Israel's enemies will not understand that they are successful because the Lord has given Israel into their hands:
They are a nation void of sense;
there is no understanding in them.
If they were wise, they would understand this;
they would discern what the end would be.
How could one have routed a thousand,
and two put a myriad to flight,
unless their Rock had sold them,
the Lord had given them up?
Indeed their rock is not like our Rock;
our enemies are fools.
(Deut. 32.28-32)
Even when the Lord turns his face from the Israelites, he is still their one and only God. There will always be that connection between them. Other people have other false gods, but YHWH is the one true God that can make armies win and lose as YHWH Sabaoth. And so the Lord will vindicate his people, and their enemies will realize that their gods are naught.
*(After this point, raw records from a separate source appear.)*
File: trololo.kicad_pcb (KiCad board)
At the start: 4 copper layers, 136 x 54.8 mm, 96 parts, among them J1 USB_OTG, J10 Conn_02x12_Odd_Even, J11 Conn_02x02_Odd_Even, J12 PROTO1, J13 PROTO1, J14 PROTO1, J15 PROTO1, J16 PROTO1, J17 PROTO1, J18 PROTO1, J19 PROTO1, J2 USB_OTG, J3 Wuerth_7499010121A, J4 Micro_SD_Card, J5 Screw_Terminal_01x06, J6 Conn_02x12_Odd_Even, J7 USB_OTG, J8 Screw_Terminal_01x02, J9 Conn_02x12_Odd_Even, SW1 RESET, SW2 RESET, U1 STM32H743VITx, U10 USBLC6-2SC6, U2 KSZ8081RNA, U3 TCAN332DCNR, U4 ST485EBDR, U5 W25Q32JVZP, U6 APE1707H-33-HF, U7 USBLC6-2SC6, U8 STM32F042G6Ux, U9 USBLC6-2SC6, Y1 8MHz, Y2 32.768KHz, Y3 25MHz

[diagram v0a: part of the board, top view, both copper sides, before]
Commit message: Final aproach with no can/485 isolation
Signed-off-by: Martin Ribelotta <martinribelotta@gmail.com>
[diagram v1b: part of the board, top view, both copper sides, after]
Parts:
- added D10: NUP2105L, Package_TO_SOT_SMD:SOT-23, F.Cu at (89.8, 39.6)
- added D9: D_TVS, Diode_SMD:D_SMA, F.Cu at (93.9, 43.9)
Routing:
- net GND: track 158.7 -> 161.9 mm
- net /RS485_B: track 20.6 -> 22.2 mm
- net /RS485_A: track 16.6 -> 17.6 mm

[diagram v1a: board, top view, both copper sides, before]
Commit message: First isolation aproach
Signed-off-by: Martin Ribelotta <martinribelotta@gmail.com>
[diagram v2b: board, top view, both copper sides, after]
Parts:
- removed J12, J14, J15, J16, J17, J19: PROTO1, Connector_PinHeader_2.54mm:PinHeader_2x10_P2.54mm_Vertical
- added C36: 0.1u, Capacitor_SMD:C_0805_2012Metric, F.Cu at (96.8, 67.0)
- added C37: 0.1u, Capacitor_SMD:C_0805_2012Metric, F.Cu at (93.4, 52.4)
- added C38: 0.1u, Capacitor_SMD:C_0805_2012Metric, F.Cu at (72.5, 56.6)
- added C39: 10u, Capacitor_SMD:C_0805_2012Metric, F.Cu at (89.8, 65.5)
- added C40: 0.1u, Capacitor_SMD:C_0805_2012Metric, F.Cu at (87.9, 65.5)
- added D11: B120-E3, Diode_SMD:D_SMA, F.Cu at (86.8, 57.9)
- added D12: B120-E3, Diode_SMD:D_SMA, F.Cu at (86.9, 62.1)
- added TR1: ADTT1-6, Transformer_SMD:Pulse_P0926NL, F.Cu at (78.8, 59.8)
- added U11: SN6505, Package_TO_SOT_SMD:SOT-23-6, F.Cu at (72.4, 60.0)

God then declares monotheism:
See now that I, even I, am he;
there is no god beside me.
God kills and makes alive, wounds and heals. God is omnipotent and will take vengeance on those who hate him. Those arrows that were before aimed at the Israelites will now be used against their enemies:
I will make my arrows drunk with blood,
and my sword shall devour flesh.

The people are told to worship God, as are the false "gods" of the foreign people. This is not meant to acknowledge that these gods exist, but rather is a rhetorical device to demonstrate YHWH's power. Even false gods would bow down to YHWH. And God will take vengeance and cleanse the land for his people.

These are the words that Moses recites for the people to remember after they have crossed the Jordan.